Our careers, ministries, and lives need to be judged by a larger faith picture. Much like the Apostle Paul, we only get to see in a mirror dimly; we only know in part. This kind of stuff - faith, hope and love - does not fit easily into a grant request or theologies of success.

Fear, danger and mugging

Last week I had the opportunity to speak at a “Mission Fest” in rural South Dakota.  It was a fun weekend of reconnecting with my traditional Mennonite roots.  Hymns in four part harmony, potlucks and popcorn for Sunday supper were an enjoyable trip down memory lane.  After one of the services we had a question and answer time.  During one of the services I had shared about my family’s journey from the suburbs to the city.  Before long I was fielding questions about safety and fear. What kind of schools did your children attend?

Have you ever been mugged?

How do you respond after your house has been broken into?

Is it safe?

There was a time when questions like this frustrated me.  I tended to assume that the motive behind such questions was a subtle form of racism or classism.  I no longer make these assumptions.  For the most part people are genuinely curious about people who have made different life choices.

I like to use these occasions to talk about differences.  We live in a culture that teaches us to fear or be suspicious of that which is different.  This fear is reflected in many of the little and big decisions we make.  For example, people like to worship with others who hold similar faith perspectives and worship style preferences.   As a culture we like to live in neighborhoods with others who share our values (and skin color).

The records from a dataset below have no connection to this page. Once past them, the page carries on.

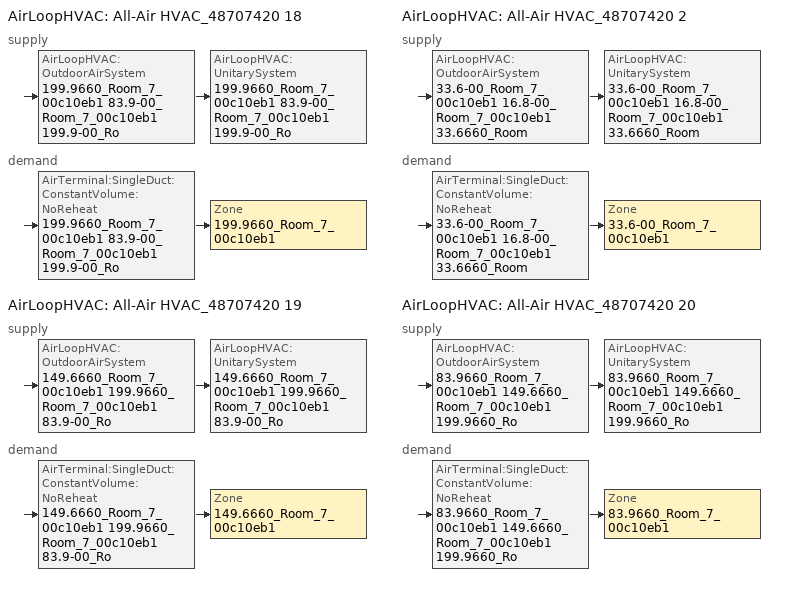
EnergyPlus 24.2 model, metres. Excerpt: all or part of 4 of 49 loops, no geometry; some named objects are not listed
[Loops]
AirLoopHVAC 'All-Air HVAC_48707420 18'
 supply: AirLoopHVAC:OutdoorAirSystem '199.9660_Room_7_00c10eb1 83.9-00_Room_7_00c10eb1 199.9-00_Room_7_00c10eb1 132.8-00_Room_7_00c10eb1 000_Room_7_00c10eb1 0660_Room_7_00c10eb1 149.6-00_Room_7_00c10eb1 11600_Room_7_00c10eb1 183.1660_Room_7_00c10eb1 50.4-00_Room_7_00c10eb1 50.4660_Room_7_00c10eb1 67.1-00_Room_7_00c10eb1 132.8660_Room_7_00c10eb1 166.4660_Room_7_00c10eb1 67.1660_Room_7_00c10eb1 116660_Room_7_00c10eb1 33.6-00_Room_7_00c10eb1 16.8-00_Room_7_00c10eb1 33.6660_Room_7_00c10eb1 PSZ-AC OA System' > AirLoopHVAC:UnitarySystem '199.9660_Room_7_00c10eb1 83.9-00_Room_7_00c10eb1 199.9-00_Room_7_00c10eb1 132.8-00_Room_7_00c10eb1 000_Room_7_00c10eb1 0660_Room_7_00c10eb1 149.6-00_Room_7_00c10eb1 11600_Room_7_00c10eb1 183.1660_Room_7_00c10eb1 50.4-00_Room_7_00c10eb1 50.4660_Room_7_00c10eb1 67.1-00_Room_7_00c10eb1 132.8660_Room_7_00c10eb1 166.4660_Room_7_00c10eb1 67.1660_Room_7_00c10eb1 116660_Room_7_00c10eb1 33.6-00_Room_7_00c10eb1 16.8-00_Room_7_00c10eb1 33.6660_Room_7_00c10eb1 PSZ-AC Unitary AC'
 demand: AirTerminal:SingleDuct:ConstantVolume:NoReheat '199.9660_Room_7_00c10eb1 83.9-00_Room_7_00c10eb1 199.9-00_Room_7_00c10eb1 132.8-00_Room_7_00c10eb1 000_Room_7_00c10eb1 0660_Room_7_00c10eb1 149.6-00_Room_7_00c10eb1 11600_Room_7_00c10eb1 183.1660_Room_7_00c10eb1 50.4-00_Room_7_00c10eb1 50.4660_Room_7_00c10eb1 67.1-00_Room_7_00c10eb1 132.8660_Room_7_00c10eb1 166.4660_Room_7_00c10eb1 67.1660_Room_7_00c10eb1 116660_Room_7_00c10eb1 33.6-00_Room_7_00c10eb1 16.8-00_Room_7_00c10eb1 33.6660_Room_7_00c10eb1 PSZ-AC Diffuser' > Zone '199.9660_Room_7_00c10eb1'
AirLoopHVAC 'All-Air HVAC_48707420 19'
 supply: AirLoopHVAC:OutdoorAirSystem '149.6660_Room_7_00c10eb1 199.9660_Room_7_00c10eb1 83.9-00_Room_7_00c10eb1 199.9-00_Room_7_00c10eb1 132.8-00_Room_7_00c10eb1 000_Room_7_00c10eb1 0660_Room_7_00c10eb1 149.6-00_Room_7_00c10eb1 11600_Room_7_00c10eb1 183.1660_Room_7_00c10eb1 50.4-00_Room_7_00c10eb1 50.4660_Room_7_00c10eb1 67.1-00_Room_7_00c10eb1 132.8660_Room_7_00c10eb1 166.4660_Room_7_00c10eb1 67.1660_Room_7_00c10eb1 116660_Room_7_00c10eb1 33.6-00_Room_7_00c10eb1 16.8-00_Room_7_00c10eb1 33.6660_Room_7_00c10eb1 PSZ-AC OA System' > AirLoopHVAC:UnitarySystem '149.6660_Room_7_00c10eb1 199.9660_Room_7_00c10eb1 83.9-00_Room_7_00c10eb1 199.9-00_Room_7_00c10eb1 132.8-00_Room_7_00c10eb1 000_Room_7_00c10eb1 0660_Room_7_00c10eb1 149.6-00_Room_7_00c10eb1 11600_Room_7_00c10eb1 183.1660_Room_7_00c10eb1 50.4-00_Room_7_00c10eb1 50.4660_Room_7_00c10eb1 67.1-00_Room_7_00c10eb1 132.8660_Room_7_00c10eb1 166.4660_Room_7_00c10eb1 67.1660_Room_7_00c10eb1 116660_Room_7_00c10eb1 33.6-00_Room_7_00c10eb1 16.8-00_Room_7_00c10eb1 33.6660_Room_7_00c10eb1 PSZ-AC Unitary AC'
 demand: AirTerminal:SingleDuct:ConstantVolume:NoReheat '149.6660_Room_7_00c10eb1 199.9660_Room_7_00c10eb1 83.9-00_Room_7_00c10eb1 199.9-00_Room_7_00c10eb1 132.8-00_Room_7_00c10eb1 000_Room_7_00c10eb1 0660_Room_7_00c10eb1 149.6-00_Room_7_00c10eb1 11600_Room_7_00c10eb1 183.1660_Room_7_00c10eb1 50.4-00_Room_7_00c10eb1 50.4660_Room_7_00c10eb1 67.1-00_Room_7_00c10eb1 132.8660_Room_7_00c10eb1 166.4660_Room_7_00c10eb1 67.1660_Room_7_00c10eb1 116660_Room_7_00c10eb1 33.6-00_Room_7_00c10eb1 16.8-00_Room_7_00c10eb1 33.6660_Room_7_00c10eb1 PSZ-AC Diffuser' > Zone '149.6660_Room_7_00c10eb1'
AirLoopHVAC 'All-Air HVAC_48707420 2'
 supply: AirLoopHVAC:OutdoorAirSystem '33.6-00_Room_7_00c10eb1 16.8-00_Room_7_00c10eb1 33.6660_Room_7_00c10eb1 PSZ-AC OA System' > AirLoopHVAC:UnitarySystem '33.6-00_Room_7_00c10eb1 16.8-00_Room_7_00c10eb1 33.6660_Room_7_00c10eb1 PSZ-AC Unitary AC'
 demand: AirTerminal:SingleDuct:ConstantVolume:NoReheat '33.6-00_Room_7_00c10eb1 16.8-00_Room_7_00c10eb1 33.6660_Room_7_00c10eb1 PSZ-AC Diffuser' > Zone '33.6-00_Room_7_00c10eb1'
AirLoopHVAC 'All-Air HVAC_48707420 20'
 supply: AirLoopHVAC:OutdoorAirSystem '83.9660_Room_7_00c10eb1 149.6660_Room_7_00c10eb1 199.9660_Room_7_00c10eb1 83.9-00_Room_7_00c10eb1 199.9-00_Room_7_00c10eb1 132.8-00_Room_7_00c10eb1 000_Room_7_00c10eb1 0660_Room_7_00c10eb1 149.6-00_Room_7_00c10eb1 11600_Room_7_00c10eb1 183.1660_Room_7_00c10eb1 50.4-00_Room_7_00c10eb1 50.4660_Room_7_00c10eb1 67.1-00_Room_7_00c10eb1 132.8660_Room_7_00c10eb1 166.4660_Room_7_00c10eb1 67.1660_Room_7_00c10eb1 116660_Room_7_00c10eb1 33.6-00_Room_7_00c10eb1 16.8-00_Room_7_00c10eb1 33.6660_Room_7_00c10eb1 PSZ-AC OA System' > AirLoopHVAC:UnitarySystem '83.9660_Room_7_00c10eb1 149.6660_Room_7_00c10eb1 199.9660_Room_7_00c10eb1 83.9-00_Room_7_00c10eb1 199.9-00_Room_7_00c10eb1 132.8-00_Room_7_00c10eb1 000_Room_7_00c10eb1 0660_Room_7_00c10eb1 149.6-00_Room_7_00c10eb1 11600_Room_7_00c10eb1 183.1660_Room_7_00c10eb1 50.4-00_Room_7_00c10eb1 50.4660_Room_7_00c10eb1 67.1-00_Room_7_00c10eb1 132.8660_Room_7_00c10eb1 166.4660_Room_7_00c10eb1 67.1660_Room_7_00c10eb1 116660_Room_7_00c10eb1 33.6-00_Room_7_00c10eb1 16.8-00_Room_7_00c10eb1 33.6660_Room_7_00c10eb1 PSZ-AC Unitary AC'
 demand: AirTerminal:SingleDuct:ConstantVolume:NoReheat '83.9660_Room_7_00c10eb1 149.6660_Room_7_00c10eb1 199.9660_Room_7_00c10eb1 83.9-00_Room_7_00c10eb1 199.9-00_Room_7_00c10eb1 132.8-00_Room_7_00c10eb1 000_Room_7_00c10eb1 0660_Room_7_00c10eb1 149.6-00_Room_7_00c10eb1 11600_Room_7_00c10eb1 183.1660_Room_7_00c10eb1 50.4-00_Room_7_00c10eb1 50.4660_Room_7_00c10eb1 67.1-00_Room_7_00c10eb1 132.8660_Room_7_00c10eb1 166.4660_Room_7_00c10eb1 67.1660_Room_7_00c10eb1 116660_Room_7_00c10eb1 33.6-00_Room_7_00c10eb1 16.8-00_Room_7_00c10eb1 33.6660_Room_7_00c10eb1 PSZ-AC Diffuser' > Zone '83.9660_Room_7_00c10eb1'
[ZoneControl:Thermostat] Temperature Difference Between Cutout And Setpoint {deltaC}=0
Name | Zone or ZoneList | Control Type Schedule | Control 1
149.6660_Room_7_00c10eb1 Thermostat | 149.6660_Room_7_00c10eb1 | 149.6660_Room_7_00c10eb1 Thermostat Schedule | Setpoint_bbafeea7..149.6660_Room_7_00c10eb1
199.9660_Room_7_00c10eb1 Thermostat | 199.9660_Room_7_00c10eb1 | 199.9660_Room_7_00c10eb1 Thermostat Schedule | Setpoint_bbafeea7..199.9660_Room_7_00c10eb1
33.6-00_Room_7_00c10eb1 Thermostat | 33.6-00_Room_7_00c10eb1 | 33.6-00_Room_7_00c10eb1 Thermostat Schedule | Setpoint_bbafeea7..33.6-00_Room_7_00c10eb1
83.9660_Room_7_00c10eb1 Thermostat | 83.9660_Room_7_00c10eb1 | 83.9660_Room_7_00c10eb1 Thermostat Schedule | Setpoint_bbafeea7..83.9660_Room_7_00c10eb1
[ThermostatSetpoint:DualSetpoint] Heating Setpoint Temperature Schedule=17_heating_sch; Cooling Setpoint Temperature Schedule=17_cooling_sch
Setpoint_bbafeea7..149.6660_Room_7_00c10eb1; Setpoint_bbafeea7..199.9660_Room_7_00c10eb1; Setpoint_bbafeea7..33.6-00_Room_7_00c10eb1; Setpoint_bbafeea7..83.9660_Room_7_00c10eb1
[AirTerminal:SingleDuct:ConstantVolume:NoReheat] Availability Schedule=Always On Discrete; Maximum Air Flow Rate {m3/s}=AutoSize
149.6660_Room_7_00c10eb1 199.9660_Room_7_00c10eb1 83.9-00_Room_7_00c10eb1 199.9-00_Room_7_00c10eb1 132.8-00_Room_7_00c10eb1 000_Room_7_00c10eb1 0660_Room_7_00c10eb1 149.6-00_Room_7_00c10eb1 11600_Room_7_00c10eb1 183.1660_Room_7_00c10eb1 50.4-00_Room_7_00c10eb1 50.4660_Room_7_00c10eb1 67.1-00_Room_7_00c10eb1 132.8660_Room_7_00c10eb1 166.4660_Room_7_00c10eb1 67.1660_Room_7_00c10eb1 116660_Room_7_00c10eb1 33.6-00_Room_7_00c10eb1 16.8-00_Room_7_00c10eb1 33.6660_Room_7_00c10eb1 PSZ-AC Diffuser; 199.9660_Room_7_00c10eb1 83.9-00_Room_7_00c10eb1 199.9-00_Room_7_00c10eb1 132.8-00_Room_7_00c10eb1 000_Room_7_00c10eb1 0660_Room_7_00c10eb1 149.6-00_Room_7_00c10eb1 11600_Room_7_00c10eb1 183.1660_Room_7_00c10eb1 50.4-00_Room_7_00c10eb1 50.4660_Room_7_00c10eb1 67.1-00_Room_7_00c10eb1 132.8660_Room_7_00c10eb1 166.4660_Room_7_00c10eb1 67.1660_Room_7_00c10eb1 116660_Room_7_00c10eb1 33.6-00_Room_7_00c10eb1 16.8-00_Room_7_00c10eb1 33.6660_Room_7_00c10eb1 PSZ-AC Diffuser; 33.6-00_Room_7_00c10eb1 16.8-00_Room_7_00c10eb1 33.6660_Room_7_00c10eb1 PSZ-AC Diffuser; 83.9660_Room_7_00c10eb1 149.6660_Room_7_00c10eb1 199.9660_Room_7_00c10eb1 83.9-00_Room_7_00c10eb1 199.9-00_Room_7_00c10eb1 132.8-00_Room_7_00c10eb1 000_Room_7_00c10eb1 0660_Room_7_00c10eb1 149.6-00_Room_7_00c10eb1 11600_Room_7_00c10eb1 183.1660_Room_7_00c10eb1 50.4-00_Room_7_00c10eb1 50.4660_Room_7_00c10eb1 67.1-00_Room_7_00c10eb1 132.8660_Room_7_00c10eb1 166.4660_Room_7_00c10eb1 67.1660_Room_7_00c10eb1 116660_Room_7_00c10eb1 33.6-00_Room_7_00c10eb1 16.8-00_Room_7_00c10eb1 33.6660_Room_7_00c10eb1 PSZ-AC Diffuser
[Zone equipment]
149.6660_Room_7_00c10eb1: 149.6660_Room_7_00c10eb1 199.9660_Room_7_00c10eb1 83.9-00_Room_7_00c10eb1 199.9-00_Room_7_00c10eb1 132.8-00_Room_7_00c10eb1 000_Room_7_00c10eb1 0660_Room_7_00c10eb1 149.6-00_Room_7_00c10eb1 11600_Room_7_00c10eb1 183.1660_Room_7_00c10eb1 50.4-00_Room_7_00c10eb1 50.4660_Room_7_00c10eb1 67.1-00_Room_7_00c10eb1 132.8660_Room_7_00c10eb1 166.4660_Room_7_00c10eb1 67.1660_Room_7_00c10eb1 116660_Room_7_00c10eb1 33.6-00_Room_7_00c10eb1 16.8-00_Room_7_00c10eb1 33.6660_Room_7_00c10eb1 PSZ-AC Diffuser
199.9660_Room_7_00c10eb1: 199.9660_Room_7_00c10eb1 83.9-00_Room_7_00c10eb1 199.9-00_Room_7_00c10eb1 132.8-00_Room_7_00c10eb1 000_Room_7_00c10eb1 0660_Room_7_00c10eb1 149.6-00_Room_7_00c10eb1 11600_Room_7_00c10eb1 183.1660_Room_7_00c10eb1 50.4-00_Room_7_00c10eb1 50.4660_Room_7_00c10eb1 67.1-00_Room_7_00c10eb1 132.8660_Room_7_00c10eb1 166.4660_Room_7_00c10eb1 67.1660_Room_7_00c10eb1 116660_Room_7_00c10eb1 33.6-00_Room_7_00c10eb1 16.8-00_Room_7_00c10eb1 33.6660_Room_7_00c10eb1 PSZ-AC Diffuser
33.6-00_Room_7_00c10eb1: 33.6-00_Room_7_00c10eb1 16.8-00_Room_7_00c10eb1 33.6660_Room_7_00c10eb1 PSZ-AC Diffuser
83.9660_Room_7_00c10eb1: 83.9660_Room_7_00c10eb1 149.6660_Room_7_00c10eb1 199.9660_Room_7_00c10eb1 83.9-00_Room_7_00c10eb1 199.9-00_Room_7_00c10eb1 132.8-00_Room_7_00c10eb1 000_Room_7_00c10eb1 0660_Room_7_00c10eb1 149.6-00_Room_7_00c10eb1 11600_Room_7_00c10eb1 183.1660_Room_7_00c10eb1 50.4-00_Room_7_00c10eb1 50.4660_Room_7_00c10eb1 67.1-00_Room_7_00c10eb1 132.8660_Room_7_00c10eb1 166.4660_Room_7_00c10eb1 67.1660_Room_7_00c10eb1 116660_Room_7_00c10eb1 33.6-00_Room_7_00c10eb1 16.8-00_Room_7_00c10eb1 33.6660_Room_7_00c10eb1 PSZ-AC Diffuser
[Sizing:Zone] Zone Cooling Design Supply Air Temperature Input Method=SupplyAirTemperature; Zone Cooling Design Supply Air Temperature {C}=12.7778; Zone Cooling Design Supply Air Temperature Difference {deltaC}=11.11; Zone Heating Design Supply Air Temperature Input Method=SupplyAirTemperature; Zone Heating Design Supply Air Temperature {C}=50; Zone Heating Design Supply Air Temperature Difference {deltaC}=11.11; Zone Cooling Design Supply Air Humidity Ratio {kgWater/kgDryAir}=0.0085; Zone Heating Design Supply Air Humidity Ratio {kgWater/kgDryAir}=0.008; Cooling Design Air Flow Method=DesignDay; Cooling Design Air Flow Rate {m3/s}=0; Cooling Minimum Air Flow per Zone Floor Area {m3/s-m2}=0.000762; Cooling Minimum Air Flow {m3/s}=0; Cooling Minimum Air Flow Fraction=0; Heating Design Air Flow Method=DesignDay; Heating Design Air Flow Rate {m3/s}=0; Heating Maximum Air Flow per Zone Floor Area {m3/s-m2}=0.002032; Heating Maximum Air Flow {m3/s}=0.141576; Heating Maximum Air Flow Fraction=0.3; Account for Dedicated Outdoor Air System=No; Zone Load Sizing Method=Sensible Load Only No Latent Load; Zone Latent Cooling Design Supply Air Humidity Ratio Input Method=HumidityRatioDifference; Zone Cooling Design Supply Air Humidity Ratio Difference {kgWater/kgDryAir}=0.005; Zone Latent Heating Design Supply Air Humidity Ratio Input Method=HumidityRatioDifference; Zone Humidification Design Supply Air Humidity Ratio Difference {kgWater/kgDryAir}=0.005; Type of Space Sum to Use=Coincident
Name | Design Specification Outdoor Air Object
149.6660_Room_7_00c10eb1 | 149.6660_Room_7_00c10eb1 DSOA Space List
199.9660_Room_7_00c10eb1 | 199.9660_Room_7_00c10eb1 DSOA Space List
33.6-00_Room_7_00c10eb1 | 33.6-00_Room_7_00c10eb1 DSOA Space List
83.9660_Room_7_00c10eb1 | 83.9660_Room_7_00c10eb1 DSOA Space List
[Controller:MechanicalVentilation] Availability Schedule=D_ResNatVentOnCZ01_Yr; Demand Controlled Ventilation=No; System Outdoor Air Method=ZoneSum; Design Specification Outdoor Air Object Name 1=Ventilation_be4b2928
Name | Zone or ZoneList Name 1
Controller Mechanical Ventilation 44 | 149.6660_Room_7_00c10eb1
Controller Mechanical Ventilation 43 | 199.9660_Room_7_00c10eb1
Controller Mechanical Ventilation 27 | 33.6-00_Room_7_00c10eb1
Controller Mechanical Ventilation 45 | 83.9660_Room_7_00c10eb1
[DesignSpecification:OutdoorAir]
Ventilation_be4b2928: Outdoor Air Method=Sum; Outdoor Air Flow per Person {m3/s-person}=0; Outdoor Air Flow per Zone Floor Area {m3/s-m2}=0; Outdoor Air Flow per Zone {m3/s}=0.02831; Outdoor Air Flow Air Changes per Hour {1/hr}=0; Outdoor Air Schedule=D_ResNatVentOnCZ01_Yr
[DesignSpecification:OutdoorAir:SpaceList] Space Design Specification Outdoor Air Object Name 1=Ventilation_be4b2928
Name | Space Name 1
149.6660_Room_7_00c10eb1 DSOA Space List | 149.6660_Room_7_00c10eb1_Space
199.9660_Room_7_00c10eb1 DSOA Space List | 199.9660_Room_7_00c10eb1_Space
33.6-00_Room_7_00c10eb1 DSOA Space List | 33.6-00_Room_7_00c10eb1_Space
83.9660_Room_7_00c10eb1 DSOA Space List | 83.9660_Room_7_00c10eb1_Space
[AirLoopHVAC] Design Supply Air Flow Rate {m3/s}=AutoSize; Design Return Air Flow Fraction of Supply Air Flow=1
All-Air HVAC_48707420 18; All-Air HVAC_48707420 19; All-Air HVAC_48707420 2; All-Air HVAC_48707420 20
[Sizing:System] Type of Load to Size On=Sensible; Design Outdoor Air Flow Rate {m3/s}=Autosize; Central Heating Maximum System Air Flow Ratio=1; Preheat Design Temperature {C}=7.22222; Preheat Design Humidity Ratio {kgWater/kgDryAir}=0.008; Precool Design Temperature {C}=12.7778; Precool Design Humidity Ratio {kgWater/kgDryAir}=0.008; Central Cooling Design Supply Air Temperature {C}=12.7778; Central Heating Design Supply Air Temperature {C}=50; Type of Zone Sum to Use=Coincident; 100% Outdoor Air in Cooling=No; 100% Outdoor Air in Heating=No; Central Cooling Design Supply Air Humidity Ratio {kgWater/kgDryAir}=0.0085; Central Heating Design Supply Air Humidity Ratio {kgWater/kgDryAir}=0.008; Cooling Supply Air Flow Rate Method=DesignDay; Cooling Supply Air Flow Rate {m3/s}=0; Cooling Supply Air Flow Rate Per Floor Area {m3/s-m2}=0.00996765; Cooling Fraction of Autosized Cooling Supply Air Flow Rate=1; Cooling Supply Air Flow Rate Per Unit Cooling Capacity {m3/s-W}=3.94755e-05; Heating Supply Air Flow Rate Method=DesignDay; Heating Supply Air Flow Rate {m3/s}=0; Heating Supply Air Flow Rate Per Floor Area {m3/s-m2}=0.00996765; Heating Fraction of Autosized Heating Supply Air Flow Rate=1; Heating Fraction of Autosized Cooling Supply Air Flow Rate=1; Heating Supply Air Flow Rate Per Unit Heating Capacity {m3/s-W}=3.15882e-05; System Outdoor Air Method=ZoneSum; Zone Maximum Outdoor Air Fraction=1; Cooling Design Capacity Method=CoolingDesignCapacity; Cooling Design Capacity {W}=Autosize; Cooling Design Capacity Per Floor Area {W/m2}=234.7; Fraction of Autosized Cooling Design Capacity=1; Heating Design Capacity Method=HeatingDesignCapacity; Heating Design Capacity {W}=Autosize; Heating Design Capacity Per Floor Area {W/m2}=157; Fraction of Autosized Heating Design Capacity=1; Central Cooling Capacity Control Method=OnOff; Occupant Diversity=Autosize
All-Air HVAC_48707420 18; All-Air HVAC_48707420 19; All-Air HVAC_48707420 2; All-Air HVAC_48707420 20
[Controller:OutdoorAir] Minimum Outdoor Air Flow Rate {m3/s}=Autosize; Maximum Outdoor Air Flow Rate {m3/s}=Autosize; Economizer Control Type=NoEconomizer; Economizer Control Action Type=ModulateFlow; Economizer Maximum Limit Dry-Bulb Temperature {C}=28; Economizer Maximum Limit Enthalpy {J/kg}=64000; Lockout Type=NoLockout; Minimum Limit Type=FixedMinimum; Minimum Outdoor Air Schedule=D_ResNatVentOnCZ01_Yr; High Humidity Control=No; High Humidity Outdoor Air Flow Ratio=1; Control High Indoor Humidity Based on Outdoor Humidity Ratio=Yes; Heat Recovery Bypass Control Type=BypassWhenWithinEconomizerLimits; Economizer Operation Staging=InterlockedWithMechanicalCooling
Name | Mechanical Ventilation Controller
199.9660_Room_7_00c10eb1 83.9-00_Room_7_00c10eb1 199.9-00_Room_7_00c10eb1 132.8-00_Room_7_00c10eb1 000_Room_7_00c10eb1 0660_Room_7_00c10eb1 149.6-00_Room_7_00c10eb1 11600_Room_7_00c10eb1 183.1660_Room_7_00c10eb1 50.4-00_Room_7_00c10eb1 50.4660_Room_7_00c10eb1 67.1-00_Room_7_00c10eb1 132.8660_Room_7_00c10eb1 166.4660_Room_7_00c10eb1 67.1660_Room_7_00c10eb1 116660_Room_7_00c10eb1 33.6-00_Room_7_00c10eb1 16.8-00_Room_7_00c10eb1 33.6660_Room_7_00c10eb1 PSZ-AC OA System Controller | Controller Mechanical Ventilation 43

Choosing to live and worship outside the norm can be scary.  I like to challenge people to confront their fear of the different.  More often than not different is simply different.

That is my typical response to my family’s move from the suburb to the city.

Since returning from South Dakota two people that I am acquainted with have been mugged.  One was pistol whipped.  Both of these people live in “different” neighborhoods.  It is not a stretch to say that they were targeted, at least partially, because of their skin color.

To be honest I have no easy response to this.  Fear of the “different” goes in every direction and that fear can and does play itself out in unpleasant ways.  Personal violation is not easy to just get past.  Events like this raise some difficult faith questions.  Does God call us to safety?  When does personal well-being demand that one move or leave the situation?  What does it mean to be salt and light?  How far do we take this call?  What does it mean to be a reconciling presence in a dangerous neighborhood?